Also she's acting like since she charges $200 for her shoots, and I only paid $150 at the auction that she's GIVING me so much.  Not bending, not honoring what was told.... etc.


----------



## amolitor (Nov 12, 2013)

It sounds like what was offered at auction was only the photoshoot, not any actual products at all. No cards, no prints, no nothing, without giving the photographer more money. If this is correct, the photographer is a scumbag. At best thoughtless, at worst a sleazy and mercenary crook.

While it's true that the shoot and the actual products are usually priced separately, to auction off only the part that hasn't got any value to the client is really crummy. Unbending to the point of giving you 25 unsatisfactory cards is unacceptable. It's like auctioning off the table service for a dinner at a restaurant, but not, you know, any actual food. "We're auctioning off corkage on up to 5 bottles of wine. No, no, not any actual wine. Just the fee to take the corks out." Sure, one pays for both, but at a charity auction I expect to get something for the amount I bid, not just some teaser.

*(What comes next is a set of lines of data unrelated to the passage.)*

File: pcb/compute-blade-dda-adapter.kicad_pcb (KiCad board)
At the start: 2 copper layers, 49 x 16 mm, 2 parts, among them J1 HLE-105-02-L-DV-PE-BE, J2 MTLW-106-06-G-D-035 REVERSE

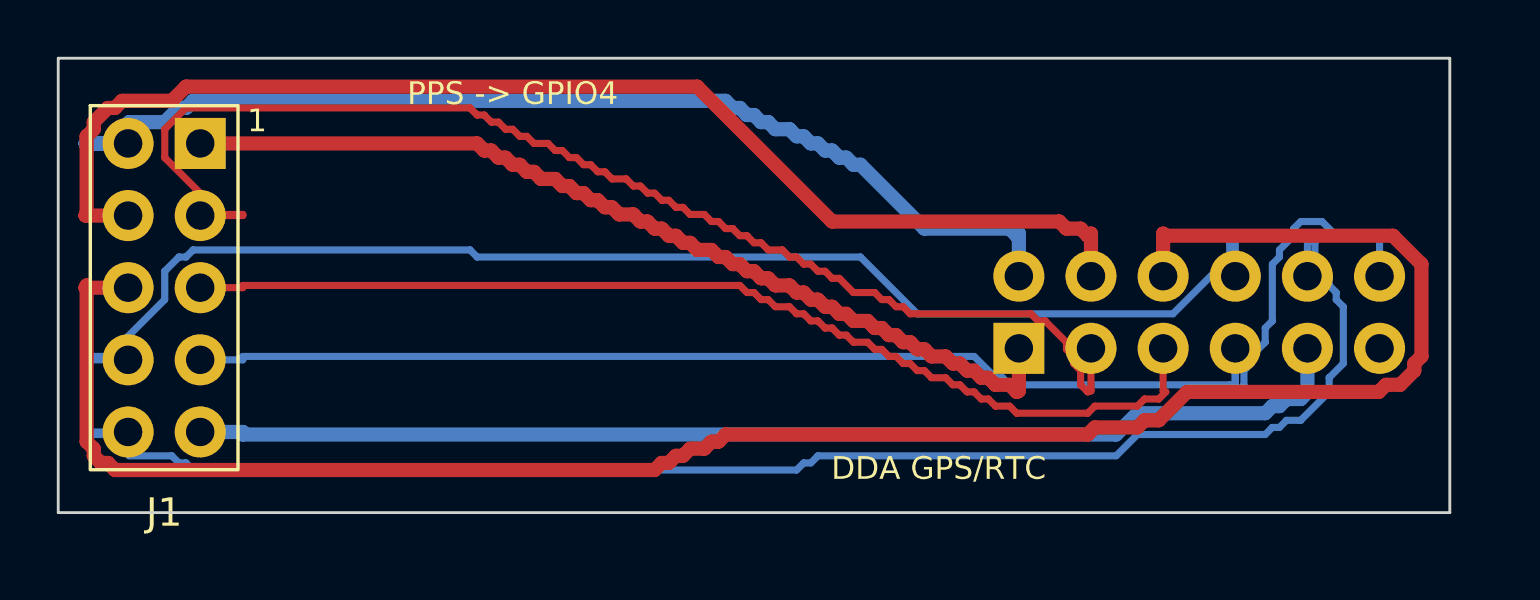
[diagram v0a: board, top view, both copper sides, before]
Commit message: Respect square pin-one pad clearances
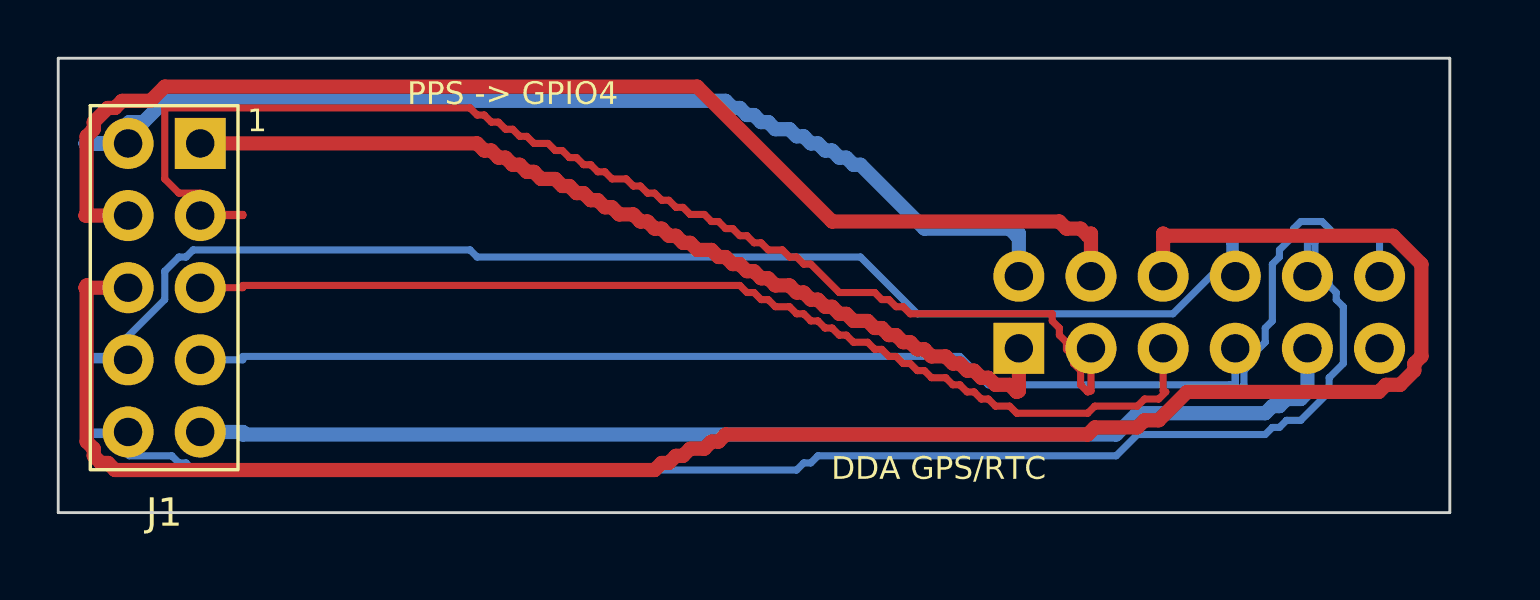
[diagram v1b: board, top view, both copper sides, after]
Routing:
- net SDA_GPIO2: track 45.3 -> 46.4 mm
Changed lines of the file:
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@@
   (segment (start 95.96 60.16) (end 96.75 60.16) (width 0.5) (layer "B.Cu") (net 2))
   (segment (start 96.75 60.16) (end 97.5 59.41) (width 0.5) (layer "B.Cu") (net 2))
-  (segment (start 97.5 59.41) (end 98.75 59.41) (width 0.5) (layer "B.Cu") (net 2))
-  (segment (start 98.75 59.41) (end 99.25 58.91) (width 0.5) (layer "B.Cu") (net 2))
-  (segment (start 99.25 58.91) (end 99.5 58.91) (width 0.5) (layer "B.Cu") (net 2))
-  (segment (start 99.5 58.91) (end 99.75 58.66) (width 0.5) (layer "B.Cu") (net 2))
-  (segment (start 99.75 58.66) (end 118.5 58.66) (width 0.5) (layer "B.Cu") (net 2))
+  (segment (start 97.5 59.41) (end 98 59.41) (width 0.5) (layer "B.Cu") (net 2))
+  (segment (start 98 59.41) (end 98.75 58.66) (width 0.5) (layer "B.Cu") (net 2))
+  (segment (start 98.75 58.66) (end 118.5 58.66) (width 0.5) (layer "B.Cu") (net 2))
   (segment (start 118.5 58.66) (end 118.75 58.91) (width 0.5) (layer "B.Cu") (net 2))
   (segment (start 118.75 58.91) (end 119 58.91) (width 0.5) (layer "B.Cu") (net 2))
@@
   (segment (start 101.5 62.7) (end 101.5 62.66) (width 0.25) (layer "F.Cu") (net 3))
   (segment (start 101.5 62.66) (end 100.75 62.66) (width 0.25) (layer "F.Cu") (net 3))
-  (segment (start 100.75 62.66) (end 98.75 60.66) (width 0.25) (layer "F.Cu") (net 3))
-  (segment (start 98.75 60.66) (end 98.75 59.66) (width 0.25) (layer "F.Cu") (net 3))
-  (segment (start 98.75 59.66) (end 99.5 58.91) (width 0.25) (layer "F.Cu") (net 3))
-  (segment (start 99.5 58.91) (end 109.5 58.91) (width 0.25) (layer "F.Cu") (net 3))
+  (segment (start 100.75 62.66) (end 100 61.91) (width 0.25) (layer "F.Cu") (net 3))
+  (segment (start 100 61.91) (end 99.25 61.91) (width 0.25) (layer "F.Cu") (net 3))
+  (segment (start 99.25 61.91) (end 98.75 61.41) (width 0.25) (layer "F.Cu") (net 3))
+  (segment (start 98.75 61.41) (end 98.75 58.91) (width 0.25) (layer "F.Cu") (net 3))
+  (segment (start 98.75 58.91) (end 109.5 58.91) (width 0.25) (layer "F.Cu") (net 3))
   (segment (start 109.5 58.91) (end 109.75 59.16) (width 0.25) (layer "F.Cu") (net 3))
   (segment (start 109.75 59.16) (end 110 59.16) (width 0.25) (layer "F.Cu") (net 3))
@@
   (segment (start 121 64.16) (end 121.25 64.41) (width 0.25) (layer "F.Cu") (net 3))
   (segment (start 121.25 64.41) (end 121.5 64.41) (width 0.25) (layer "F.Cu") (net 3))
-  (segment (start 121.5 64.41) (end 121.75 64.66) (width 0.25) (layer "F.Cu") (net 3))
-  (segment (start 121.75 64.66) (end 122 64.66) (width 0.25) (layer "F.Cu") (net 3))
-  (segment (start 122 64.66) (end 122.25 64.91) (width 0.25) (layer "F.Cu") (net 3))
-  (segment (start 122.25 64.91) (end 122.5 64.91) (width 0.25) (layer "F.Cu") (net 3))
-  (segment (start 122.5 64.91) (end 123 65.41) (width 0.25) (layer "F.Cu") (net 3))
-  (segment (start 123 65.41) (end 123.75 65.41) (width 0.25) (layer "F.Cu") (net 3))
+  (segment (start 121.5 64.41) (end 122.5 65.41) (width 0.25) (layer "F.Cu") (net 3))
+  (segment (start 122.5 65.41) (end 123.75 65.41) (width 0.25) (layer "F.Cu") (net 3))
   (segment (start 123.75 65.41) (end 124 65.66) (width 0.25) (layer "F.Cu") (net 3))
   (segment (start 124 65.66) (end 124.25 65.66) (width 0.25) (layer "F.Cu") (net 3))
@@
   (segment (start 124.5 65.91) (end 124.75 65.91) (width 0.25) (layer "F.Cu") (net 3))
   (segment (start 124.75 65.91) (end 125 66.16) (width 0.25) (layer "F.Cu") (net 3))
-  (segment (start 125 66.16) (end 129.25 66.16) (width 0.25) (layer "F.Cu") (net 3))
-  (segment (start 129.25 66.16) (end 129.5 66.41) (width 0.25) (layer "F.Cu") (net 3))
-  (segment (start 129.5 66.41) (end 129.75 66.41) (width 0.25) (layer "F.Cu") (net 3))
-  (segment (start 129.75 66.41) (end 130.5 67.16) (width 0.25) (layer "F.Cu") (net 3))
+  (segment (start 125 66.16) (end 130 66.16) (width 0.25) (layer "F.Cu") (net 3))
+  (segment (start 130 66.16) (end 130 66.41) (width 0.25) (layer "F.Cu") (net 3))
+  (segment (start 130 66.41) (end 130.25 66.66) (width 0.25) (layer "F.Cu") (net 3))
+  (segment (start 130.25 66.66) (end 130.25 66.91) (width 0.25) (layer "F.Cu") (net 3))
+  (segment (start 130.25 66.91) (end 130.5 67.16) (width 0.25) (layer "F.Cu") (net 3))
   (segment (start 130.5 67.16) (end 130.5 67.41) (width 0.25) (layer "F.Cu") (net 3))
   (segment (start 130.5 67.41) (end 130.75 67.66) (width 0.25) (layer "F.Cu") (net 3))
@@
   (segment (start 96.75 58.91) (end 97 58.91) (width 0.5) (layer "F.Cu") (net 4))
   (segment (start 97 58.91) (end 97.25 58.66) (width 0.5) (layer "F.Cu") (net 4))
-  (segment (start 97.25 58.66) (end 99 58.66) (width 0.5) (layer "F.Cu") (net 4))
-  (segment (start 99 58.66) (end 99.5 58.16) (width 0.5) (layer "F.Cu") (net 4))
-  (segment (start 99.5 58.16) (end 117.5 58.16) (width 0.5) (layer "F.Cu") (net 4))
+  (segment (start 97.25 58.66) (end 98.25 58.66) (width 0.5) (layer "F.Cu") (net 4))
+  (segment (start 98.25 58.66) (end 98.75 58.16) (width 0.5) (layer "F.Cu") (net 4))
+  (segment (start 98.75 58.16) (end 117.5 58.16) (width 0.5) (layer "F.Cu") (net 4))
   (segment (start 117.5 58.16) (end 122.25 62.91) (width 0.5) (layer "F.Cu") (net 4))
   (segment (start 122.25 62.91) (end 130.25 62.91) (width 0.5) (layer "F.Cu") (net 4))
@@
   (segment (start 100 67.78) (end 101.5 67.78) (width 0.25) (layer "B.Cu") (net 7))
   (segment (start 101.5 67.78) (end 101.5 67.66) (width 0.25) (layer "B.Cu") (net 7))
-  (segment (start 101.5 67.66) (end 127.25 67.66) (width 0.25) (layer "B.Cu") (net 7))
-  (segment (start 127.25 67.66) (end 128 68.41) (width 0.25) (layer "B.Cu") (net 7))
-  (segment (start 128 68.41) (end 128.25 68.41) (width 0.25) (layer "B.Cu") (net 7))
-  (segment (start 128.25 68.41) (end 128.5 68.66) (width 0.25) (layer "B.Cu") (net 7))
-  (segment (start 128.5 68.66) (end 136.25 68.66) (width 0.25) (layer "B.Cu") (net 7))
+  (segment (start 101.5 67.66) (end 126.75 67.66) (width 0.25) (layer "B.Cu") (net 7))
+  (segment (start 126.75 67.66) (end 127.75 68.66) (width 0.25) (layer "B.Cu") (net 7))
+  (segment (start 127.75 68.66) (end 136.25 68.66) (width 0.25) (layer "B.Cu") (net 7))
   (segment (start 136.25 68.66) (end 136.5 68.91) (width 0.25) (layer "B.Cu") (net 7))
   (segment (start 136.5 68.91) (end 136.445 68.875) (width 0.25) (layer "B.Cu") (net 7))

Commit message: Use conventional J2 on 1.0 mm adapter
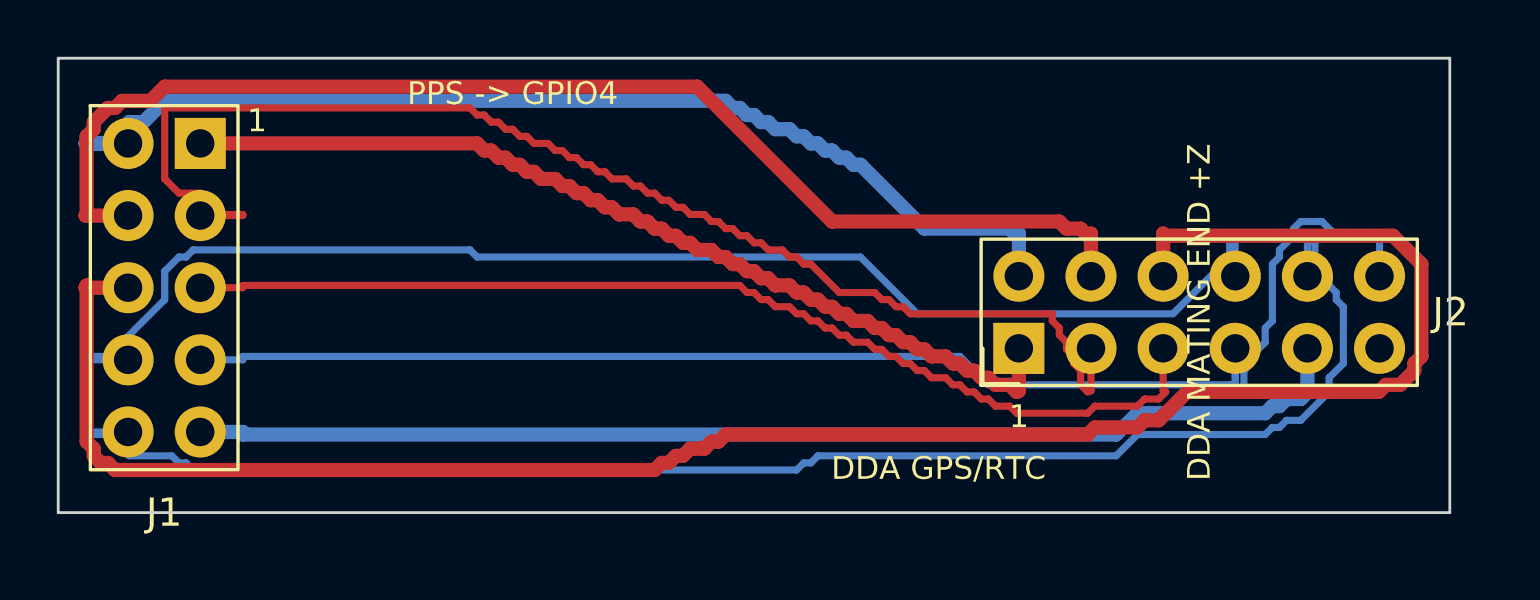
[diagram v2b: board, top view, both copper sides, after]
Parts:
- J2: value MTLW-106-06-G-D-035 REVERSE -> MTLW-106-05-G-D-140; footprint Adapter:Samtec_MTLW-106-06-G-D-035_Reverse -> Adapter:Samtec_MTLW-106-05-G-D-140; moved to F.Cu
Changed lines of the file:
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@@
 (kicad_pcb (version 20240108) (generator pcbnew)
-  (general (thickness 0.6))
+  (general (thickness 1))
   (paper "A4")
   (layers
@@
       (layer "F.SilkS" (type "Top Silk Screen")) (layer "F.Mask" (type "Top Solder Mask"))
       (layer "F.Cu" (type "copper") (thickness 0.035))
-      (layer "dielectric 1" (type "core") (thickness 0.53) (material "FR4") (epsilon_r 4.5) (loss_tangent 0.02))
+      (layer "dielectric 1" (type "core") (thickness 0.93) (material "FR4") (epsilon_r 4.5) (loss_tangent 0.02))
       (layer "B.Cu" (type "copper") (thickness 0.035))
       (layer "B.Mask" (type "Bottom Solder Mask")) (layer "B.SilkS" (type "Bottom Silk Screen"))
@@
     (model "${KIPRJMOD}/../mechanical/generated/j1_hle_105_02_l_dv_pe_be.step" (offset (xyz 0 0 0)) (scale (xyz 1 1 1)) (rotate (xyz 0 0 0)))
   )
-  (footprint "Adapter:Samtec_MTLW-106-06-G-D-035_Reverse"
-    (layer "B.Cu")
+  (footprint "Adapter:Samtec_MTLW-106-05-G-D-140"
+    (layer "F.Cu")
     (at 128.825 67.375 90)
-    (descr "Samtec MTLW-106-06-G-D-035 reverse-mounted pass-through 2x6 header")
-    (tags "Samtec MTLW reverse pass through 2x6 2.54mm")
-    (property "Reference" "J2" (at 1.27 15.2 0) (layer "B.SilkS")
- (effects (font (size 1 1) (thickness 0.15)) (justify mirror)))
-    (property "Value" "MTLW-106-06-G-D-035 REVERSE" (at 1.27 15.2 0) (layer "B.Fab")
- (effects (font (size 1 1) (thickness 0.15)) (justify mirror)))
+    (descr "Samtec MTLW-106-05-G-D-140 conventional 2x6 vertical header")
+    (tags "Samtec MTLW conventional vertical 2x6 2.54mm")
+    (property "Reference" "J2" (at 1.27 15.2 0) (layer "F.SilkS")
+ (effects (font (size 1 1) (thickness 0.15))))
+    (property "Value" "MTLW-106-05-G-D-140" (at 1.27 15.2 0) (layer "F.Fab")
+ (effects (font (size 1 1) (thickness 0.15))))
     (attr through_hole)
     (fp_rect (start -1.745 -1.77) (end 4.285 14.47)
-      (stroke (width 0.05) (type solid)) (fill none) (layer "B.CrtYd")
+      (stroke (width 0.05) (type solid)) (fill none) (layer "F.CrtYd")
 )
     (fp_rect (start -1.305 -1.33) (end 3.845 14.03)
-      (stroke (width 0.12) (type solid)) (fill none) (layer "B.SilkS")
+      (stroke (width 0.12) (type solid)) (fill none) (layer "F.SilkS")
 )
     (fp_rect (start -1.245 -1.27) (end 3.785 13.97)
-      (stroke (width 0.1) (type solid)) (fill none) (layer "B.Fab")
+      (stroke (width 0.1) (type solid)) (fill none) (layer "F.Fab")
 )
     (fp_line (start -1.245 -1.27) (end 0 -1.27)
-      (stroke (width 0.12) (type solid)) (layer "B.SilkS")
+      (stroke (width 0.12) (type solid)) (layer "F.SilkS")
 )
     (fp_line (start -1.245 -1.27) (end -1.245 0)
-      (stroke (width 0.12) (type solid)) (layer "B.SilkS")
+      (stroke (width 0.12) (type solid)) (layer "F.SilkS")
 )
-    (fp_text user "1" (at -2.4 0 0) (layer "B.SilkS")
- (effects (font (size 0.8 0.8) (thickness 0.14)) (justify mirror)))
-    (fp_text user "REVERSE / DDA ABOVE" (at 1.27 6.35 90) (layer "B.SilkS")
- (effects (font (size 0.65 0.65) (thickness 0.11)) (justify mirror)))
+    (fp_text user "1" (at -2.4 0 0) (layer "F.SilkS")
+ (effects (font (size 0.8 0.8) (thickness 0.14))))
+    (fp_text user "DDA MATING END +Z" (at 1.27 6.35 90) (layer "F.SilkS")
+ (effects (font (size 0.8 0.8) (thickness 0.12))))
     (pad "1" thru_hole rect (at 0 0)
       (size 1.8 1.8) (drill 1) (layers "*.Cu" "*.Mask") (net 1 "3V3")
@@
       (size 1.8 1.8) (drill 1) (layers "*.Cu" "*.Mask") (net 7 "PPS_GPIO4")
 )
-    (model "${KIPRJMOD}/../mechanical/generated/j2_mtlw_106_06_g_d_035_reverse.step" (offset (xyz 0 0 0)) (scale (xyz 1 1 1)) (rotate (xyz 0 0 0)))
+    (model "${KIPRJMOD}/../mechanical/generated/j2_mtlw_106_05_g_d_140.step" (offset (xyz 0 0 0)) (scale (xyz 1 1 1)) (rotate (xyz 0 0 0)))
   )
   (gr_rect (start 95 57.16) (end 144 73.16)

I don't think there's anything you can do, but I would a) let the charity know to not do business with this person again and b) I would yelp the crap out of them.

Now, if the deal all along was that you got so and so many cards, and that's what you bid on, and that's what you got, well, that's just how it is. In that case you bid on cards, you won cards, and you got cards. End of story.


----------



## anniemomster (Nov 12, 2013)

Lol, actually 5 times as much, but I was just stating in expression.  I can do math, lol.


----------



## anniemomster (Nov 12, 2013)

No, it wasn't for cards.  It was in my mind what I would do with the pictures, but now I'm buying $850 prints for my walls which is great, but unexpected.  It certainly is an investment, especially for us.


----------



## ronlane (Nov 12, 2013)

It does sound like you are getting a raw deal with her changing the story. As stated by tirediron, I'm no lawyer and don't want to be, I'm not sure there is much you can do other than scream as others have suggested. Maybe buy the cards and cancel the rest of the order. It's easy for her to play hard ball since you have the $850 order in.


----------



## amolitor (Nov 12, 2013)

It sounds to me as if what was being auctioned was unclear. That's a problem.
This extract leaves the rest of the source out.